*YOUR OBJECTIVE*
What number of lines in the material contain the word "SUBTRACT"? Give that number alone.

*STUDY MATERIAL*
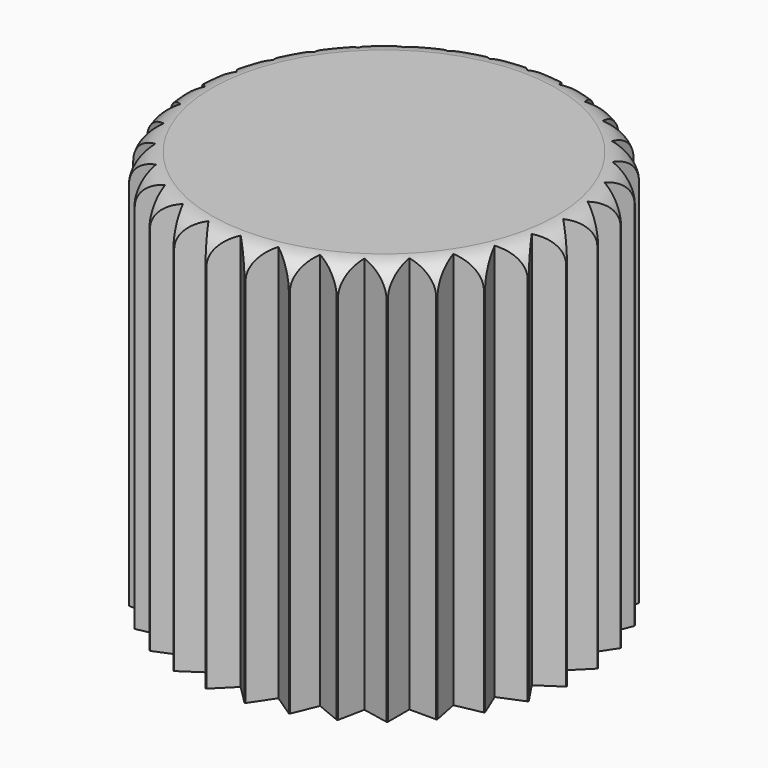
from build123d import *

# Parameters (mm, degrees)
F0_R            = 7.5
F1_DEPTH        = 15
F2_R            = 5.25
F3_DEPTH        = 5.6
F5_R            = 1
F6_DEPTH        = 5.6
F9_DEPTH        = 15.001
F9_COPIES_COUNT = 32
F10_DEPTH       = 2.2


# Not quite as in the source:
# - a pattern or mirror of a feature is missing from the dataset's text; its kind, count and spacing are read off the source's solid


with BuildPart() as f1:
    # F0 (on Top) → F1 (new body)
    with BuildSketch(Plane.XY):
        Circle(F0_R)
    extrude(amount=F1_DEPTH)

    # F2 (on Top) → F3 (cut)
    with BuildSketch(Plane.XY):
        Circle(F2_R)
    extrude(amount=F3_DEPTH, mode=Mode.SUBTRACT)

    # F5
    f5_edges = [f1.edges().sort_by_distance(p)[0] for p in [
        (-7.5, 0, 15),
    ]]
    fillet(f5_edges, radius=F5_R)

    # F4 (on Top) → F6 (join, through all)
    with BuildSketch(Plane.XY):
        Polygon((-2.8867513459, 0), (-1.443375673, -2.5), (1.443375673, -2.5), (2.8867513459, 0), (1.443375673, 2.5), (-1.443375673, 2.5), align=None)
    extrude(amount=F6_DEPTH)

    # F7 (on face) → F9 (cut, through all)
    with BuildSketch(Plane.XY.offset(15)):
        with BuildLine():
            Line((0, -6.75), (-0.715767043, -7.465767043))
            ThreePointArc((-0.715767043, -7.465767043), (0, -7.5), (0.715767043, -7.465767043))
            Line((0.715767043, -7.465767043), (0, -6.75))
        make_face()
    f9 = extrude(amount=-F9_DEPTH, mode=Mode.SUBTRACT)

    # F9_copies: F9 ×32 about axis
    f9_copies_axis = Axis((0, 0, 0), (0, 0, 1))
    for i in range(1, F9_COPIES_COUNT):
        add(f9.rotate(f9_copies_axis, i * 360 / F9_COPIES_COUNT), mode=Mode.SUBTRACT)

    # F10 (cut): a face of the model
    f10_faces = [f1.faces().sort_by_distance(p)[0] for p in [
        (0, 0, 0),
    ]]
    extrude(f10_faces, amount=-F10_DEPTH, mode=Mode.SUBTRACT)


solid = f1.part
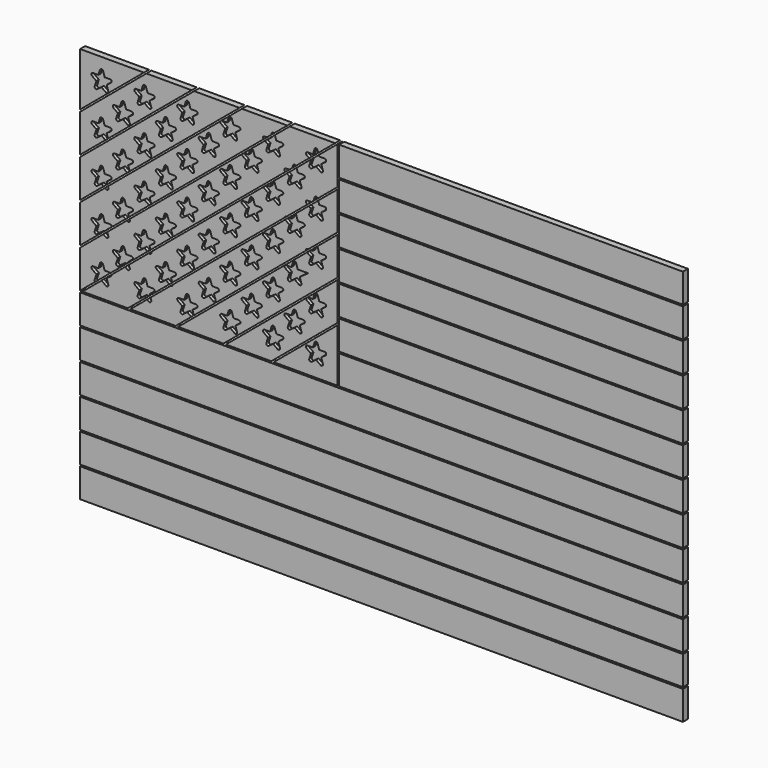
from build123d import *

# Parameters (mm, degrees)
F0_W     = 1219.2
F0_H     = 58.7375
F3_DEPTH = 12.7
F0_W_2   = 695.325
F4_START = 6.35
F4_DEPTH = 8.89
F5_R     = 3.175
F5_2_R   = 3.175
F5_3_R   = 3.175
F5_4_R   = 3.175
F5_5_R   = 3.175
F5_6_R   = 3.175
F5_7_R   = 3.175
F5_8_R   = 3.175
F5_9_R   = 3.175
F5_10_R  = 3.175
F5_11_R  = 3.175
F5_12_R  = 3.175
F5_13_R  = 3.175
F5_14_R  = 3.175
F5_15_R  = 3.175
F5_16_R  = 3.175
F5_17_R  = 3.175
F5_18_R  = 3.175
F5_19_R  = 3.175
F5_20_R  = 3.175
F5_21_R  = 3.175
F5_22_R  = 3.175
F5_23_R  = 3.175
F5_24_R  = 3.175
F5_25_R  = 3.175
F5_26_R  = 3.175
F5_27_R  = 3.175
F5_28_R  = 3.175
F5_29_R  = 3.175
F5_30_R  = 3.175
F5_31_R  = 3.175
F5_32_R  = 3.175
F5_33_R  = 3.175
F5_34_R  = 3.175
F5_35_R  = 3.175
F5_36_R  = 3.175
F5_37_R  = 3.175
F5_38_R  = 3.175
F5_39_R  = 3.175
F5_40_R  = 3.175
F5_41_R  = 3.175
F5_42_R  = 3.175
F5_43_R  = 3.175
F5_44_R  = 3.175
F5_45_R  = 3.175
F5_46_R  = 3.175
F5_47_R  = 3.175
F5_48_R  = 3.175
F5_49_R  = 3.175
F5_50_R  = 3.175


# Not quite as in the source:
# - a feature names something its author has since deleted; it is built from what else it names


with BuildPart() as f3:
    # F0 (on Front) → F3 (new body)
    with BuildSketch(Plane.XZ):
        with Locations((609.6, 277.01875)):
            Rectangle(F0_W, F0_H)
    extrude(amount=F3_DEPTH)


with BuildPart() as f3b:
    # F0 (on Front) → F3, piece 2 (new body)
    with BuildSketch(Plane.XZ):
        with Locations((609.6, 215.10625)):
            Rectangle(F0_W, F0_H)
    extrude(amount=F3_DEPTH)


with BuildPart() as f3c:
    # F0 (on Front) → F3, piece 3 (new body)
    with BuildSketch(Plane.XZ):
        with Locations((609.6, 153.19375)):
            Rectangle(F0_W, F0_H)
    extrude(amount=F3_DEPTH)


with BuildPart() as f3d:
    # F0 (on Front) → F3, piece 4 (new body)
    with BuildSketch(Plane.XZ):
        with Locations((609.6, 91.28125)):
            Rectangle(F0_W, F0_H)
    extrude(amount=F3_DEPTH)


with BuildPart() as f3e:
    # F0 (on Front) → F3, piece 5 (new body)
    with BuildSketch(Plane.XZ):
        with Locations((609.6, 29.36875)):
            Rectangle(F0_W, F0_H)
    extrude(amount=F3_DEPTH)


with BuildPart() as f3f:
    # F0 (on Front) → F3, piece 6 (new body)
    with BuildSketch(Plane.XZ):
        with Locations((609.6, 338.93125)):
            Rectangle(F0_W, F0_H)
    extrude(amount=F3_DEPTH)


with BuildPart() as f3g:
    # F0 (on Front) → F3, piece 7 (new body)
    with BuildSketch(Plane.XZ):
        with Locations((871.5375, 400.84375)):
            Rectangle(F0_W_2, F0_H)
    extrude(amount=F3_DEPTH)


with BuildPart() as f3h:
    # F0 (on Front) → F3, piece 8 (new body)
    with BuildSketch(Plane.XZ):
        with Locations((871.5375, 462.75625)):
            Rectangle(F0_W_2, F0_H)
    extrude(amount=F3_DEPTH)


with BuildPart() as f3i:
    # F0 (on Front) → F3, piece 9 (new body)
    with BuildSketch(Plane.XZ):
        with Locations((871.5375, 524.66875)):
            Rectangle(F0_W_2, F0_H)
    extrude(amount=F3_DEPTH)


with BuildPart() as f3j:
    # F0 (on Front) → F3, piece 10 (new body)
    with BuildSketch(Plane.XZ):
        with Locations((871.5375, 586.58125)):
            Rectangle(F0_W_2, F0_H)
    extrude(amount=F3_DEPTH)


with BuildPart() as f3k:
    # F0 (on Front) → F3, piece 11 (new body)
    with BuildSketch(Plane.XZ):
        with Locations((871.5375, 648.49375)):
            Rectangle(F0_W_2, F0_H)
    extrude(amount=F3_DEPTH)


with BuildPart() as f3l:
    # F0 (on Front) → F3, piece 12 (new body)
    with BuildSketch(Plane.XZ):
        with Locations((871.5375, 710.40625)):
            Rectangle(F0_W_2, F0_H)
    extrude(amount=F3_DEPTH)


with BuildPart() as f3m:
    # F0 (on Front) → F3, piece 13 (new body)
    with BuildSketch(Plane.XZ):
        with Locations((871.5375, 772.31875)):
            Rectangle(F0_W_2, F0_H)
    extrude(amount=F3_DEPTH)


with BuildPart() as f3n:
    # F0 (on Front) → F3, piece 14 (new body)
    with BuildSketch(Plane.XZ):
        Polygon((520.7, 371.475), (520.7, 479.188347446), (391.5720757397, 371.475), align=None)
    extrude(amount=F3_DEPTH)


with BuildPart() as f3o:
    # F0 (on Front) → F3, piece 15 (new body)
    with BuildSketch(Plane.XZ):
        Polygon((386.6154671861, 371.475), (520.7, 483.3229519659), (520.7, 559.8131355845), (294.9182089432, 371.475), align=None)
    extrude(amount=F3_DEPTH)


with BuildPart() as f3p:
    # F0 (on Front) → F3, piece 16 (new body)
    with BuildSketch(Plane.XZ):
        Polygon((520.7, 563.9477401044), (520.7, 640.437923723), (198.2643421467, 371.475), (289.9616003895, 371.475), align=None)
    extrude(amount=F3_DEPTH)


with BuildPart() as f3q:
    # F0 (on Front) → F3, piece 17 (new body)
    with BuildSketch(Plane.XZ):
        Polygon((520.7, 644.5725282429), (520.7, 721.0627118615), (101.6104753502, 371.475), (193.307733593, 371.475), align=None)
    extrude(amount=F3_DEPTH)


with BuildPart() as f3r:
    # F0 (on Front) → F3, piece 18 (new body)
    with BuildSketch(Plane.XZ):
        Polygon((520.7, 725.1973163814), (520.7, 801.6875), (4.9566085537, 371.475), (96.6538667965, 371.475), align=None)
    extrude(amount=F3_DEPTH)


with BuildPart() as f3s:
    # F0 (on Front) → F3, piece 19 (new body)
    with BuildSketch(Plane.XZ):
        Polygon((0, 371.475), (515.7433914463, 801.6875), (424.0461332035, 801.6875), (0, 447.9651836186), align=None)
    extrude(amount=F3_DEPTH)


with BuildPart() as f3t:
    # F0 (on Front) → F3, piece 20 (new body)
    with BuildSketch(Plane.XZ):
        Polygon((0, 528.5899717571), (0, 452.0997881385), (419.0895246498, 801.6875), (327.392266407, 801.6875), align=None)
    extrude(amount=F3_DEPTH)


with BuildPart() as f3u:
    # F0 (on Front) → F3, piece 21 (new body)
    with BuildSketch(Plane.XZ):
        Polygon((0, 532.724576277), (322.4356578533, 801.6875), (230.7383996105, 801.6875), (0, 609.2147598956), align=None)
    extrude(amount=F3_DEPTH)


with BuildPart() as f3v:
    # F0 (on Front) → F3, piece 22 (new body)
    with BuildSketch(Plane.XZ):
        Polygon((0, 613.3493644155), (225.7817910568, 801.6875), (134.0845328139, 801.6875), (0, 689.8395480341), align=None)
    extrude(amount=F3_DEPTH)


with BuildPart() as f3w:
    # F0 (on Front) → F3, piece 23 (new body)
    with BuildSketch(Plane.XZ):
        Polygon((0, 693.974152554), (129.1279242603, 801.6875), (0, 801.6875), align=None)
    extrude(amount=F3_DEPTH)


with BuildPart() as f4:
    # F2 (on Front) → F4 (new body)
    with BuildSketch(Plane.XZ.offset(F4_START)):
        Polygon((69.9856764157, 606.4772193857), (86.78164, 618.6802012285), (103.5776035843, 606.4772193857), (97.1621163689, 626.2220587715), (113.9580799531, 638.4250406143), (93.1971272154, 638.4250406143), (86.78164, 658.16988), (80.3661527846, 638.4250406143), (59.6052000469, 638.4250406143), (76.4011636311, 626.2220587715), align=None)
    extrude(amount=F4_DEPTH)

    # F5#35
    f5_35_edges = [f4.edges().sort_by_distance(p)[0] for p in [
        (59.6052, -10.795, 638.425041),
        (103.577604, -10.795, 606.477219),
        (86.78164, -10.795, 658.16988),
        (113.95808, -10.795, 638.425041),
        (69.985676, -10.795, 606.477219),
    ]]
    fillet(f5_35_edges, radius=F5_35_R)


with BuildPart() as f4b:
    # F2 (on Front) → F4, piece 2 (new body)
    with BuildSketch(Plane.XZ.offset(F4_START)):
        Polygon((26.5948564157, 735.5371593857), (43.39082, 747.7401412285), (60.1867835842, 735.5371593857), (53.7712963689, 755.2819987715), (70.5672599531, 767.4849806143), (49.8063072154, 767.4849806143), (43.39082, 787.22982), (36.9753327846, 767.4849806143), (16.2143800469, 767.4849806143), (33.0103436311, 755.2819987715), align=None)
    extrude(amount=F4_DEPTH)

    # F5#33
    f5_33_edges = [f4b.edges().sort_by_distance(p)[0] for p in [
        (70.56726, -10.795, 767.484981),
        (26.594856, -10.795, 735.537159),
        (60.186784, -10.795, 735.537159),
        (16.21438, -10.795, 767.484981),
        (43.39082, -10.795, 787.22982),
    ]]
    fillet(f5_33_edges, radius=F5_33_R)


with BuildPart() as f4c:
    # F2 (on Front) → F4, piece 3 (new body)
    with BuildSketch(Plane.XZ.offset(F4_START)):
        Polygon((113.3764964157, 735.5371593857), (130.17246, 747.7401412285), (146.9684235843, 735.5371593857), (140.5529363689, 755.2819987715), (157.3488999531, 767.4849806142), (136.5879472154, 767.4849806143), (130.17246, 787.22982), (123.7569727846, 767.4849806143), (102.9960200469, 767.4849806143), (119.7919836311, 755.2819987715), align=None)
    extrude(amount=F4_DEPTH)

    # F5#29
    f5_29_edges = [f4c.edges().sort_by_distance(p)[0] for p in [
        (157.3489, -10.795, 767.484981),
        (146.968424, -10.795, 735.537159),
        (113.376496, -10.795, 735.537159),
        (130.17246, -10.795, 787.22982),
        (102.99602, -10.795, 767.484981),
    ]]
    fillet(f5_29_edges, radius=F5_29_R)


with BuildPart() as f4d:
    # F2 (on Front) → F4, piece 4 (new body)
    with BuildSketch(Plane.XZ.offset(F4_START)):
        Polygon((200.1581364157, 735.5371593857), (216.9541, 747.7401412285), (233.7500635843, 735.5371593857), (227.3345763689, 755.2819987715), (244.1305399531, 767.4849806143), (223.3695872154, 767.4849806143), (216.9541, 787.22982), (210.5386127846, 767.4849806143), (189.7776600469, 767.4849806143), (206.5736236311, 755.2819987715), align=None)
    extrude(amount=F4_DEPTH)

    # F5#27
    f5_27_edges = [f4d.edges().sort_by_distance(p)[0] for p in [
        (244.13054, -10.795, 767.484981),
        (216.9541, -10.795, 787.22982),
        (233.750064, -10.795, 735.537159),
        (200.158136, -10.795, 735.537159),
        (189.77766, -10.795, 767.484981),
    ]]
    fillet(f5_27_edges, radius=F5_27_R)


with BuildPart() as f4e:
    # F2 (on Front) → F4, piece 5 (new body)
    with BuildSketch(Plane.XZ.offset(F4_START)):
        Polygon((286.9397764157, 735.5371593857), (303.73574, 747.7401412285), (320.5317035842, 735.5371593857), (314.1162163689, 755.2819987715), (330.9121799531, 767.4849806143), (310.1512272154, 767.4849806143), (303.73574, 787.22982), (297.3202527846, 767.4849806143), (276.5593000469, 767.4849806143), (293.3552636311, 755.2819987715), align=None)
    extrude(amount=F4_DEPTH)

    # F5#5
    f5_5_edges = [f4e.edges().sort_by_distance(p)[0] for p in [
        (330.91218, -10.795, 767.484981),
        (320.531704, -10.795, 735.537159),
        (286.939776, -10.795, 735.537159),
        (303.73574, -10.795, 787.22982),
        (276.5593, -10.795, 767.484981),
    ]]
    fillet(f5_5_edges, radius=F5_5_R)


with BuildPart() as f4f:
    # F2 (on Front) → F4, piece 6 (new body)
    with BuildSketch(Plane.XZ.offset(F4_START)):
        Polygon((373.7214164157, 735.5371593857), (390.51738, 747.7401412285), (407.3133435843, 735.5371593857), (400.8978563689, 755.2819987715), (417.6938199531, 767.4849806143), (396.9328672154, 767.4849806143), (390.51738, 787.22982), (384.1018927846, 767.4849806142), (363.3409400469, 767.4849806143), (380.1369036311, 755.2819987715), align=None)
    extrude(amount=F4_DEPTH)

    # F5#2
    f5_2_edges = [f4f.edges().sort_by_distance(p)[0] for p in [
        (390.51738, -10.795, 787.22982),
        (407.313344, -10.795, 735.537159),
        (363.34094, -10.795, 767.484981),
        (373.721416, -10.795, 735.537159),
        (417.69382, -10.795, 767.484981),
    ]]
    fillet(f5_2_edges, radius=F5_2_R)


with BuildPart() as f4g:
    # F2 (on Front) → F4, piece 7 (new body)
    with BuildSketch(Plane.XZ.offset(F4_START)):
        Polygon((460.5030564157, 735.5371593857), (477.29902, 747.7401412285), (494.0949835843, 735.5371593857), (487.6794963689, 755.2819987715), (504.4754599531, 767.4849806143), (483.7145072154, 767.4849806143), (477.29902, 787.22982), (470.8835327846, 767.4849806143), (450.1225800469, 767.4849806143), (466.9185436311, 755.2819987715), align=None)
    extrude(amount=F4_DEPTH)

    # F5
    f5_edges = [f4g.edges().sort_by_distance(p)[0] for p in [
        (477.29902, -10.795, 787.22982),
        (504.47546, -10.795, 767.484981),
        (494.094984, -10.795, 735.537159),
        (460.503056, -10.795, 735.537159),
        (450.12258, -10.795, 767.484981),
    ]]
    fillet(f5_edges, radius=F5_R)


with BuildPart() as f4h:
    # F2 (on Front) → F4, piece 8 (new body)
    with BuildSketch(Plane.XZ.offset(F4_START)):
        Polygon((460.5030564157, 649.4971993857), (477.29902, 661.7001812285), (494.0949835843, 649.4971993857), (487.6794963689, 669.2420387715), (504.4754599531, 681.4450206143), (483.7145072154, 681.4450206143), (477.29902, 701.18986), (470.8835327846, 681.4450206143), (450.1225800469, 681.4450206143), (466.9185436311, 669.2420387715), align=None)
    extrude(amount=F4_DEPTH)

    # F5#3
    f5_3_edges = [f4h.edges().sort_by_distance(p)[0] for p in [
        (504.47546, -10.795, 681.445021),
        (477.29902, -10.795, 701.18986),
        (450.12258, -10.795, 681.445021),
        (460.503056, -10.795, 649.497199),
        (494.094984, -10.795, 649.497199),
    ]]
    fillet(f5_3_edges, radius=F5_3_R)


with BuildPart() as f4i:
    # F2 (on Front) → F4, piece 9 (new body)
    with BuildSketch(Plane.XZ.offset(F4_START)):
        Polygon((417.1122364157, 692.5171793858), (433.9082, 704.7201612285), (450.7041635842, 692.5171793857), (444.2886763689, 712.2620187715), (461.0846399531, 724.4650006143), (440.3236872154, 724.4650006143), (433.9082, 744.20984), (427.4927127846, 724.4650006143), (406.7317600469, 724.4650006143), (423.5277236311, 712.2620187715), align=None)
    extrude(amount=F4_DEPTH)

    # F5#4
    f5_4_edges = [f4i.edges().sort_by_distance(p)[0] for p in [
        (433.9082, -10.795, 744.20984),
        (406.73176, -10.795, 724.465001),
        (450.704164, -10.795, 692.517179),
        (461.08464, -10.795, 724.465001),
        (417.112236, -10.795, 692.517179),
    ]]
    fillet(f5_4_edges, radius=F5_4_R)


with BuildPart() as f4j:
    # F2 (on Front) → F4, piece 10 (new body)
    with BuildSketch(Plane.XZ.offset(F4_START)):
        Polygon((113.3764964157, 649.4971993857), (130.17246, 661.7001812285), (146.9684235843, 649.4971993857), (140.5529363689, 669.2420387715), (157.3488999531, 681.4450206143), (136.5879472154, 681.4450206143), (130.17246, 701.18986), (123.7569727846, 681.4450206143), (102.9960200469, 681.4450206143), (119.7919836311, 669.2420387715), align=None)
    extrude(amount=F4_DEPTH)

    # F5#31
    f5_31_edges = [f4j.edges().sort_by_distance(p)[0] for p in [
        (157.3489, -10.795, 681.445021),
        (130.17246, -10.795, 701.18986),
        (146.968424, -10.795, 649.497199),
        (102.99602, -10.795, 681.445021),
        (113.376496, -10.795, 649.497199),
    ]]
    fillet(f5_31_edges, radius=F5_31_R)


with BuildPart() as f4k:
    # F2 (on Front) → F4, piece 11 (new body)
    with BuildSketch(Plane.XZ.offset(F4_START)):
        Polygon((156.7673164157, 520.4372593857), (173.56328, 532.6402412285), (190.3592435843, 520.4372593857), (183.9437563689, 540.1820987715), (200.7397199531, 552.3850806143), (179.9787672154, 552.3850806143), (173.56328, 572.12992), (167.1477927846, 552.3850806143), (146.3868400469, 552.3850806143), (163.1828036311, 540.1820987715), align=None)
    extrude(amount=F4_DEPTH)

    # F5#37
    f5_37_edges = [f4k.edges().sort_by_distance(p)[0] for p in [
        (173.56328, -10.795, 572.12992),
        (146.38684, -10.795, 552.385081),
        (156.767316, -10.795, 520.437259),
        (190.359244, -10.795, 520.437259),
        (200.73972, -10.795, 552.385081),
    ]]
    fillet(f5_37_edges, radius=F5_37_R)


with BuildPart() as f4l:
    # F2 (on Front) → F4, piece 12 (new body)
    with BuildSketch(Plane.XZ.offset(F4_START)):
        Polygon((26.5948564157, 649.4971993857), (43.39082, 661.7001812285), (60.1867835843, 649.4971993857), (53.7712963689, 669.2420387715), (70.5672599531, 681.4450206143), (49.8063072154, 681.4450206143), (43.39082, 701.18986), (36.9753327846, 681.4450206143), (16.2143800469, 681.4450206143), (33.0103436311, 669.2420387715), align=None)
    extrude(amount=F4_DEPTH)

    # F5#34
    f5_34_edges = [f4l.edges().sort_by_distance(p)[0] for p in [
        (16.21438, -10.795, 681.445021),
        (43.39082, -10.795, 701.18986),
        (60.186784, -10.795, 649.497199),
        (26.594856, -10.795, 649.497199),
        (70.56726, -10.795, 681.445021),
    ]]
    fillet(f5_34_edges, radius=F5_34_R)


with BuildPart() as f4m:
    # F2 (on Front) → F4, piece 13 (new body)
    with BuildSketch(Plane.XZ.offset(F4_START)):
        Polygon((200.1581364158, 477.4172793857), (216.9541, 489.6202612285), (233.7500635843, 477.4172793857), (227.3345763689, 497.1621187715), (244.1305399531, 509.3651006143), (223.3695872154, 509.3651006143), (216.9541, 529.10994), (210.5386127846, 509.3651006143), (189.7776600469, 509.3651006143), (206.5736236311, 497.1621187715), align=None)
    extrude(amount=F4_DEPTH)

    # F5#42
    f5_42_edges = [f4m.edges().sort_by_distance(p)[0] for p in [
        (189.77766, -10.795, 509.365101),
        (216.9541, -10.795, 529.10994),
        (233.750064, -10.795, 477.417279),
        (200.158136, -10.795, 477.417279),
        (244.13054, -10.795, 509.365101),
    ]]
    fillet(f5_42_edges, radius=F5_42_R)


with BuildPart() as f4n:
    # F2 (on Front) → F4, piece 14 (new body)
    with BuildSketch(Plane.XZ.offset(F4_START)):
        Polygon((460.5030564157, 563.4572393857), (477.29902, 575.6602212285), (494.0949835843, 563.4572393857), (487.6794963689, 583.2020787715), (504.4754599531, 595.4050606143), (483.7145072154, 595.4050606143), (477.29902, 615.1499), (470.8835327846, 595.4050606143), (450.1225800469, 595.4050606143), (466.9185436311, 583.2020787715), align=None)
    extrude(amount=F4_DEPTH)

    # F5#14
    f5_14_edges = [f4n.edges().sort_by_distance(p)[0] for p in [
        (477.29902, -10.795, 615.1499),
        (504.47546, -10.795, 595.405061),
        (450.12258, -10.795, 595.405061),
        (494.094984, -10.795, 563.457239),
        (460.503056, -10.795, 563.457239),
    ]]
    fillet(f5_14_edges, radius=F5_14_R)


with BuildPart() as f4o:
    # F2 (on Front) → F4, piece 15 (new body)
    with BuildSketch(Plane.XZ.offset(F4_START)):
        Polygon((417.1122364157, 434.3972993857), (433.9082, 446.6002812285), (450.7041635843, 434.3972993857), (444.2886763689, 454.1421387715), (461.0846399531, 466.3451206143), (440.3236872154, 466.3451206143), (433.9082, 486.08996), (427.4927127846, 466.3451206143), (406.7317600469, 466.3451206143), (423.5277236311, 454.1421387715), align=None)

*OUTPUT*
4